К Дону?! Эк куда занесло!.. Впрочем, так и быть должно. Задонск-стало быть, за Доном.
— А Елец где, дед?
Нищий дернул головой испуганно:
— Елец? Что ты! Христос с тобой! Далеко Елец.
Он пробормотал еще что-то и встряхнул на плечах мешок. В мешке хрустнуло. Корки хлебные? Корки ведь подают чаще всего в подаяние, в милостыню таким вот бродячим, когда они гнусят под окнами застуженными своими голосами: «Подайте Христа ради нищему, убогому!..»
Затошнило опять. Словно кто выворачивал наизнанку желудок. Ведь всего сутки какие-нибудь не ел… Это всё оттого, очевидно, что на ходу, в движении. И воздух такой — мороз, поле, лес…

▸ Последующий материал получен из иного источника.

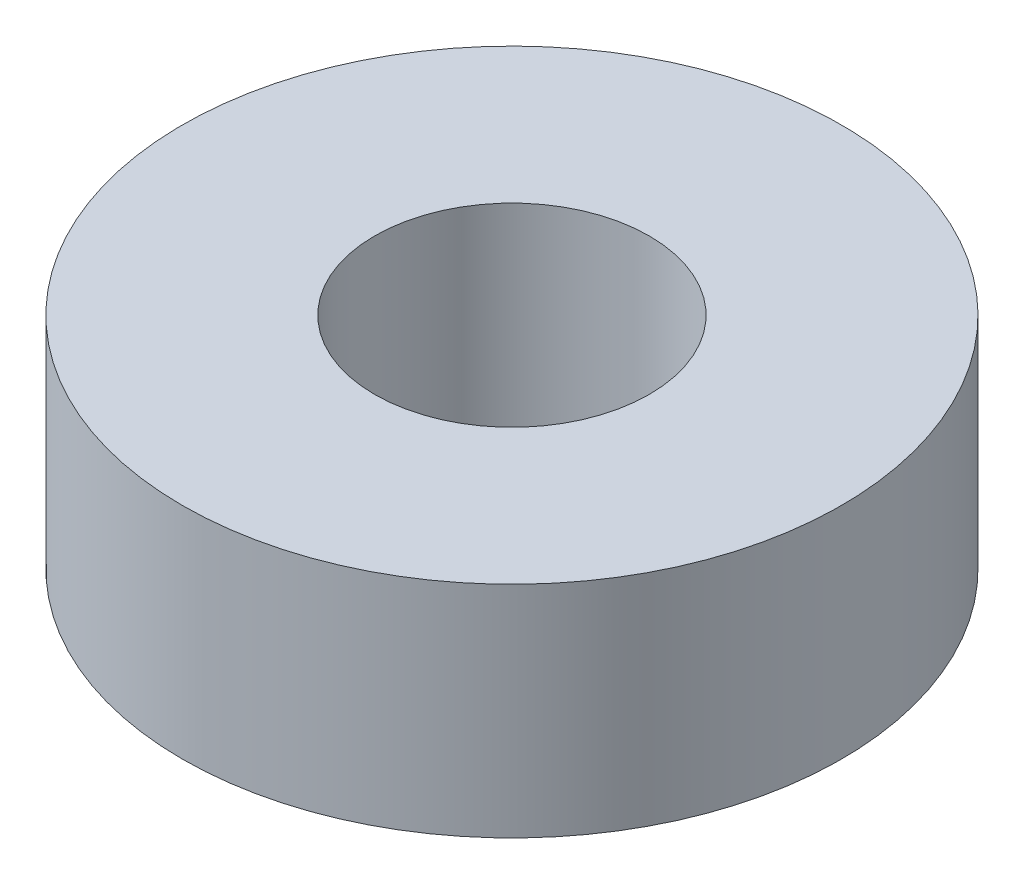
from build123d import *

# Parameters (mm, degrees)
SKETCH1_R           = 6
SKETCH1_R_2         = 2.5
BOSS_EXTRUDE1_DEPTH = 4


with BuildPart() as part:
    # Sketch1 → Boss-Extrude1 (new body)
    with BuildSketch(Plane(origin=(0, 0, 0), x_dir=(1, 0, 0), z_dir=(0, 1, 0))):
        Circle(SKETCH1_R)
        Circle(SKETCH1_R_2, mode=Mode.SUBTRACT)
    extrude(amount=BOSS_EXTRUDE1_DEPTH)


solid = part.part
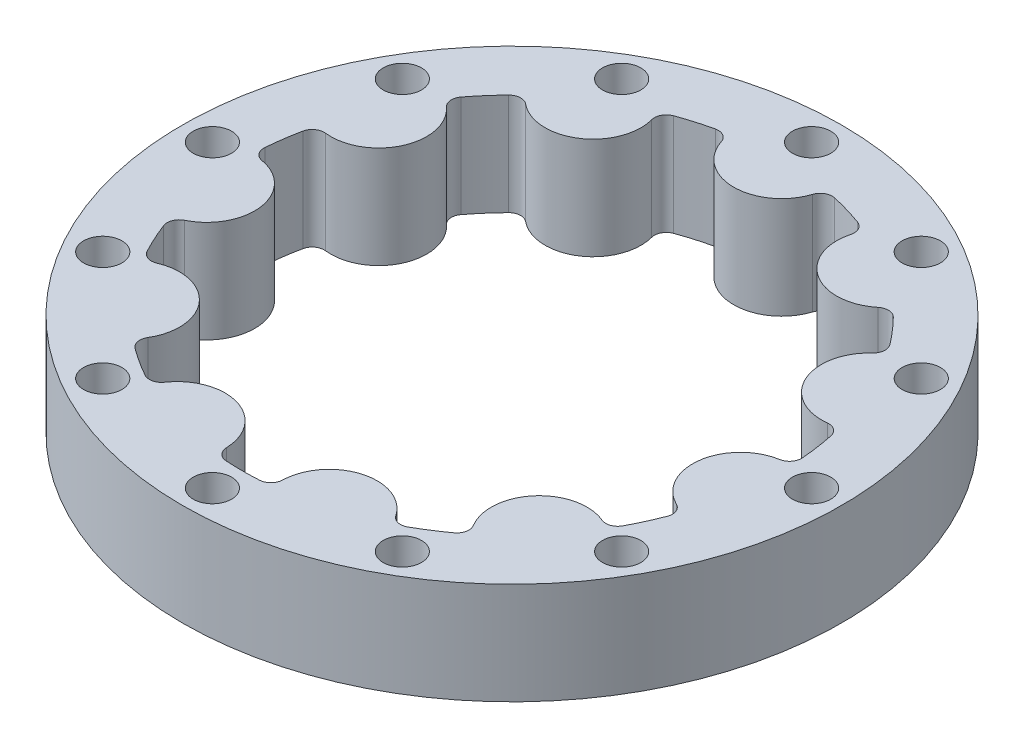
from build123d import *

# Parameters (mm, degrees)
SKETCH1_R           = 27.5
BOSS_EXTRUDE2_DEPTH = 8.5
FILLET2_R           = 1
SKETCH2_R           = 1.6
CUT_EXTRUDE1_DEPTH  = 10


with BuildPart() as part:
    # Sketch1 → Boss-Extrude2 (new body)
    with BuildSketch(Plane(origin=(0, 0, 0), x_dir=(1, 0, 0), z_dir=(0, 1, 0))):
        Circle(SKETCH1_R)
        with BuildLine():
            ThreePointArc((22.486051897, 0.792130095), (18.311696675, -2.632824508), (21.352039962, -7.095096155))
            ThreePointArc((21.352039962, -7.095096155), (20.466719895, -9.346837793), (19.34472846, -11.490495238))
            ThreePointArc((19.34472846, -11.490495238), (13.981367126, -12.114923578), (14.126580466, -17.512559046))
            ThreePointArc((14.126580466, -17.512559046), (12.164418393, -18.928204489), (10.06159042, -20.124969521))
            ThreePointArc((10.06159042, -20.124969521), (5.212052302, -17.750620012), (2.416031486, -22.369908177))
            ThreePointArc((2.416031486, -22.369908177), (0, -22.5), (-2.416031486, -22.369908177))
            ThreePointArc((-2.416031486, -22.369908177), (-5.212052302, -17.750620012), (-10.06159042, -20.124969521))
            ThreePointArc((-10.06159042, -20.124969521), (-12.164418393, -18.928204489), (-14.126580466, -17.512559046))
            ThreePointArc((-14.126580466, -17.512559046), (-13.981367126, -12.114923578), (-19.34472846, -11.490495238))
            ThreePointArc((-19.34472846, -11.490495238), (-20.466719895, -9.346837793), (-21.352039962, -7.095096155))
            ThreePointArc((-21.352039962, -7.095096155), (-18.311696675, -2.632824508), (-22.486051897, 0.792130095))
            ThreePointArc((-22.486051897, 0.792130095), (-22.270982442, 3.202083861), (-21.798377637, 5.575009634))
            ThreePointArc((-21.798377637, 5.575009634), (-16.828191914, 7.685177741), (-18.488212735, 12.82325972))
            ThreePointArc((-18.488212735, 12.82325972), (-17.004365423, 14.734366514), (-15.323884431, 16.475089254))
            ThreePointArc((-15.323884431, 16.475089254), (-10.001855123, 15.563190357), (-8.620496662, 20.783094988))
            ThreePointArc((-8.620496662, 20.783094988), (-6.338982529, 21.588591906), (-3.984166192, 22.144444444))
            ThreePointArc((-3.984166192, 22.144444444), (0, 18.5), (3.984166192, 22.144444444))
            ThreePointArc((3.984166192, 22.144444444), (6.338982529, 21.588591906), (8.620496662, 20.783094988))
            ThreePointArc((8.620496662, 20.783094988), (10.001855123, 15.563190357), (15.323884431, 16.475089254))
            ThreePointArc((15.323884431, 16.475089254), (17.004365423, 14.734366514), (18.488212735, 12.82325972))
            ThreePointArc((18.488212735, 12.82325972), (16.828191914, 7.685177741), (21.798377637, 5.575009634))
            ThreePointArc((21.798377637, 5.575009634), (22.270982442, 3.202083861), (22.486051897, 0.792130095))
        make_face(mode=Mode.SUBTRACT)
    extrude(amount=BOSS_EXTRUDE2_DEPTH)

    # Fillet2
    fillet2_edges = [part.edges().sort_by_distance(p)[0] for p in [
        (-18.488212735, 4.25, -12.82325972),
        (-21.798377637, 4.25, -5.575009634),
        (-22.486051897, 4.25, -0.792130095),
        (-21.352039962, 4.25, 7.095096155),
        (-19.34472846, 4.25, 11.490495238),
        (-14.126580466, 4.25, 17.512559046),
        (-10.06159042, 4.25, 20.124969521),
        (-2.416031486, 4.25, 22.369908177),
        (2.416031486, 4.25, 22.369908177),
        (10.06159042, 4.25, 20.124969521),
        (14.126580466, 4.25, 17.512559046),
        (19.34472846, 4.25, 11.490495238),
        (21.352039962, 4.25, 7.095096155),
        (22.486051897, 4.25, -0.792130095),
        (21.798377637, 4.25, -5.575009634),
        (18.488212735, 4.25, -12.82325972),
        (15.323884431, 4.25, -16.475089254),
        (8.620496662, 4.25, -20.783094988),
        (3.984166192, 4.25, -22.144444444),
        (-3.984166192, 4.25, -22.144444444),
        (-8.620496662, 4.25, -20.783094988),
        (-15.323884431, 4.25, -16.475089254),
    ]]
    fillet(fillet2_edges, radius=FILLET2_R)

    # Sketch2 → Cut-Extrude1 (cut)
    with BuildSketch(Plane.XZ):
        with Locations((25, 0)):
            Circle(SKETCH2_R)
        with Locations((21.650635095, -12.5)):
            Circle(SKETCH2_R)
        with Locations((12.5, -21.650635095)):
            Circle(SKETCH2_R)
        with Locations((0, -25)):
            Circle(SKETCH2_R)
        with Locations((-12.5, -21.650635095)):
            Circle(SKETCH2_R)
        with Locations((-21.650635095, -12.5)):
            Circle(SKETCH2_R)
        with Locations((-25, 0)):
            Circle(SKETCH2_R)
        with Locations((-21.650635095, 12.5)):
            Circle(SKETCH2_R)
        with Locations((-12.5, 21.650635095)):
            Circle(SKETCH2_R)
        with Locations((0, 25)):
            Circle(SKETCH2_R)
        with Locations((12.5, 21.650635095)):
            Circle(SKETCH2_R)
        with Locations((21.650635095, 12.5)):
            Circle(SKETCH2_R)
    extrude(amount=-CUT_EXTRUDE1_DEPTH, mode=Mode.SUBTRACT)


solid = part.part

— Хлеб есть, дед? Продай… на пятак.
— Хлеба? — Нищий воззрился на Грача и внезапно выставил палку, словно обороняясь: — Уходи от греха, лихой человек! Уходи, говорю, душегуб! Кри-ичать буду! Вона мужики на поле… Прибегут.
Он отодвинулся в сторону, прочь от дороги, в сугроб, и в самом деле разинул рот, широко, готовясь заорать благим матом, весь взъерошенный, колючий, патлатый.
Мужиками он пугнул нарочно: мужиков не было видно — по сторонам на белых буграх чернели одни вороны. Березовый, крестами изрезанный посошок дрожал в дряхлой руке; ничего не стоило взять за шиворот этого старого бродягу и высыпать из мешка столько набранных корок, сколько рука захватит. Идти до Задонска и дальше на голодный желудок, конечно, было немыслимо.